TASK TO CARRY OUT:
Only the lines from the one containing "Line((-66.977292933, 11.999665069), (-66.934427144, 12))" to the end of the material are to be copied, exactly and in full; images stay out.

GIVEN RECORDS:
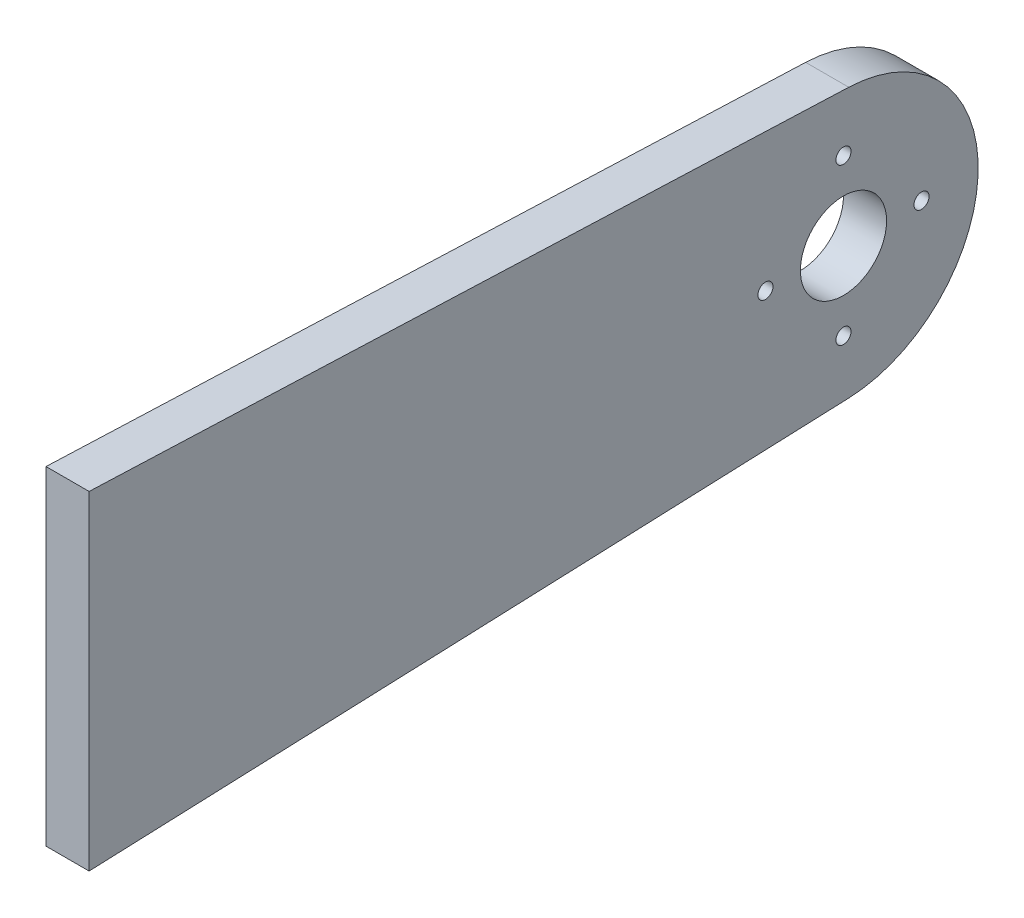
from build123d import *

# Parameters (mm, degrees)
SKETCH1_R           = 4
SKETCH1_R_2         = 0.7
BOSS_EXTRUDE1_DEPTH = 4


with BuildPart() as part:
    # Sketch1 → Boss-Extrude1 (new body)
    with BuildSketch(Plane(origin=(0, 0, 0), x_dir=(0, 0, -1), z_dir=(1, 0, 0))):
        with BuildLine():
            Line((-70, 15.254804339), (-70, -15.254804339))
            Line((-70, -15.254804339), (0.489836976, -12.490398702))
            ThreePointArc((0.489836976, -12.490398702), (12.5, 0), (0.489836976, 12.490398702))
            Line((0.489836976, 12.490398702), (-70, 15.254804339))
        make_face()
        Circle(SKETCH1_R, mode=Mode.SUBTRACT)
        with Locations((-7.24, 0)):
            Circle(SKETCH1_R_2, mode=Mode.SUBTRACT)
        with Locations((0, 7.24)):
            Circle(SKETCH1_R_2, mode=Mode.SUBTRACT)
        with Locations((7.24, 0)):
            Circle(SKETCH1_R_2, mode=Mode.SUBTRACT)
        with Locations((0, -7.24)):
            Circle(SKETCH1_R_2, mode=Mode.SUBTRACT)
    extrude(amount=BOSS_EXTRUDE1_DEPTH)


solid = part.part
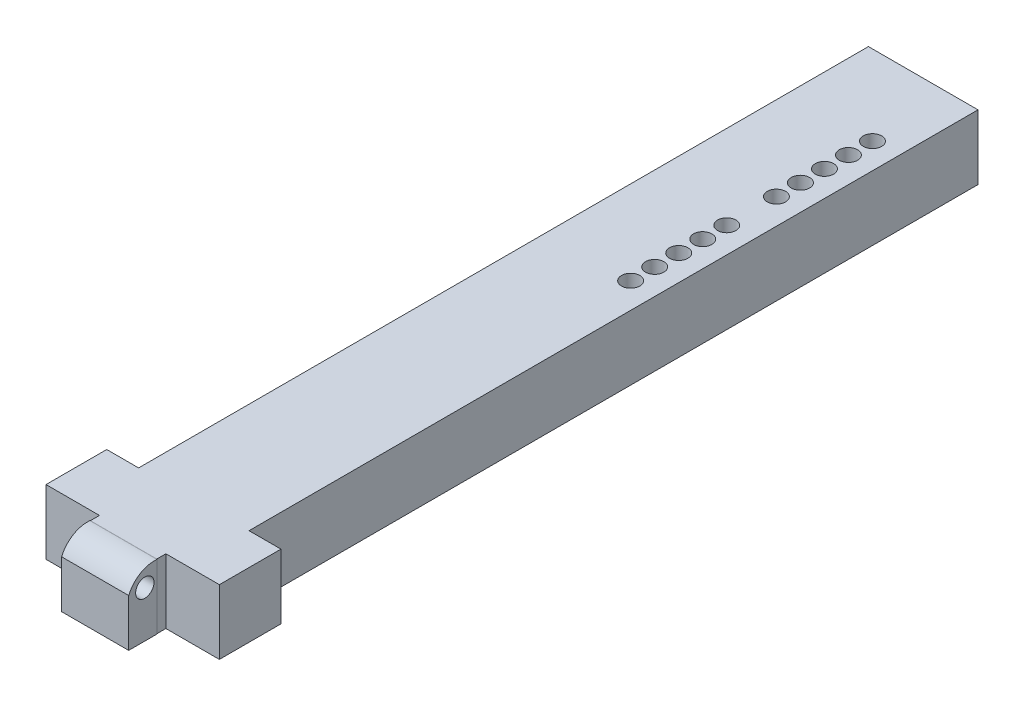
from build123d import *

# Parameters (mm, degrees)
SKETCH1_R           = 1.7
BOSS_EXTRUDE1_DEPTH = 12
SKETCH2_R           = 1.7
BOSS_EXTRUDE2_DEPTH = 6.2125


with BuildPart() as part:
    # Sketch1 → Boss-Extrude1 (new body)
    with BuildSketch(Plane(origin=(0, 0, 0), x_dir=(1, 0, 0), z_dir=(0, 1, 0))):
        Polygon((-10.15, 81.202952909), (10.15, 81.202952909), (10.15, -53.848636554), (16.06, -53.848636554), (16.06, -65.254427144), (6.15, -65.254427144), (6.15, -66.934427144), (-6.15, -66.934427144), (-6.15, -65.254427144), (-16.06, -65.254427144), (-16.06, -54.004427144), (-10.15, -54.004427144), align=None)
        with Locations(Location((5.4, 57.504034689, 0), (0, 0, 270))):
            Circle(SKETCH1_R, mode=Mode.SUBTRACT)
        with Locations(Location((5.4, 30.504034689, 0), (0, 0, 270))):
            Circle(SKETCH1_R, mode=Mode.SUBTRACT)
        with Locations(Location((5.4001, 53.054034689, 0), (0, 0, 270))):
            Circle(SKETCH1_R, mode=Mode.SUBTRACT)
        with Locations(Location((5.4001, 26.054034689, 0), (0, 0, 270))):
            Circle(SKETCH1_R, mode=Mode.SUBTRACT)
        with Locations(Location((5.4, 61.954034689, 0), (0, 0, 270))):
            Circle(SKETCH1_R, mode=Mode.SUBTRACT)
        with Locations(Location((5.39995, 34.954034689, 0), (0, 0, 270))):
            Circle(SKETCH1_R, mode=Mode.SUBTRACT)
        with Locations(Location((5.4, 48.60403469, 0), (0, 0, 270))):
            Circle(SKETCH1_R, mode=Mode.SUBTRACT)
        with Locations(Location((5.40005, 66.404034689, 0), (0, 0, 270))):
            Circle(SKETCH1_R, mode=Mode.SUBTRACT)
        with Locations(Location((5.4, 21.60403469, 0), (0, 0, 270))):
            Circle(SKETCH1_R, mode=Mode.SUBTRACT)
        with Locations(Location((5.4, 39.404034689, 0), (0, 0, 270))):
            Circle(SKETCH1_R, mode=Mode.SUBTRACT)
    extrude(amount=BOSS_EXTRUDE1_DEPTH)

    # Sketch2 → Boss-Extrude2 (add, symmetric)
    with BuildSketch(Plane(origin=(0, 0, 0), x_dir=(0, 0, -1), z_dir=(1, 0, 0))):
        with BuildLine():
            Line((-72.207292933, 5.999665069), (-72.207292933, 8.809665069))
            ThreePointArc((-72.207292933, 8.809665069), (-70.110812417, 11.254776949), (-66.977292933, 11.999665069))
            Line((-66.977292933, 11.999665069), (-66.934427144, 12))
            Line((-66.934427144, 12), (-66.934427144, 0))
            Line((-66.934427144, 0), (-72.207292933, 0))
            Line((-72.207292933, 0), (-72.207292933, 5.999665069))
        make_face()
        with Locations((-69.217292933, 8.579665069)):
            Circle(SKETCH2_R, mode=Mode.SUBTRACT)
    extrude(amount=BOSS_EXTRUDE2_DEPTH, both=True)


solid = part.part
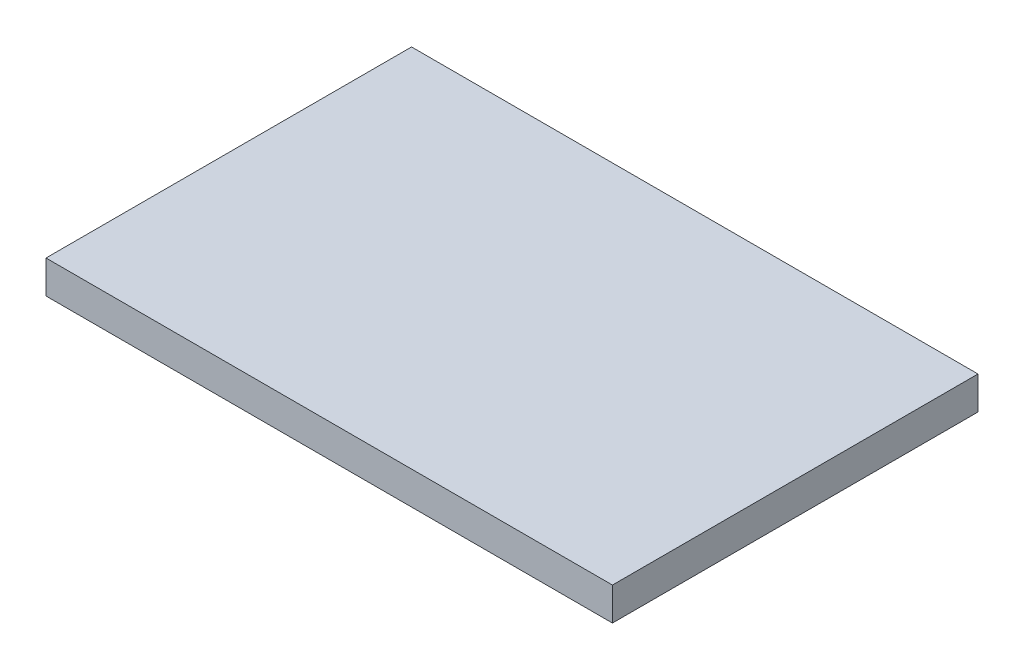
from build123d import *

# Parameters (mm, degrees)
SKETCH1_W           = 17.2
SKETCH1_H           = 11.1
BOSS_EXTRUDE1_DEPTH = 1


with BuildPart() as part:
    # Sketch1 → Boss-Extrude1 (new body)
    with BuildSketch(Plane(origin=(0, 0, 0), x_dir=(1, 0, 0), z_dir=(0, 1, 0))):
        with Locations((8.6, -5.55)):
            Rectangle(SKETCH1_W, SKETCH1_H)
    extrude(amount=BOSS_EXTRUDE1_DEPTH)


solid = part.part

EXERCISE RESPONSE:
            Line((-66.977292933, 11.999665069), (-66.934427144, 12))
            Line((-66.934427144, 12), (-66.934427144, 0))
            Line((-66.934427144, 0), (-72.207292933, 0))
            Line((-72.207292933, 0), (-72.207292933, 5.999665069))
        make_face()
        with Locations((-69.217292933, 8.579665069)):
            Circle(SKETCH2_R, mode=Mode.SUBTRACT)
    extrude(amount=BOSS_EXTRUDE2_DEPTH, both=True)


solid = part.part
from build123d import *

# Parameters (mm, degrees)
SKETCH1_W           = 17.2
SKETCH1_H           = 11.1
BOSS_EXTRUDE1_DEPTH = 1


with BuildPart() as part:
    # Sketch1 → Boss-Extrude1 (new body)
    with BuildSketch(Plane(origin=(0, 0, 0), x_dir=(1, 0, 0), z_dir=(0, 1, 0))):
        with Locations((8.6, -5.55)):
            Rectangle(SKETCH1_W, SKETCH1_H)
    extrude(amount=BOSS_EXTRUDE1_DEPTH)


solid = part.part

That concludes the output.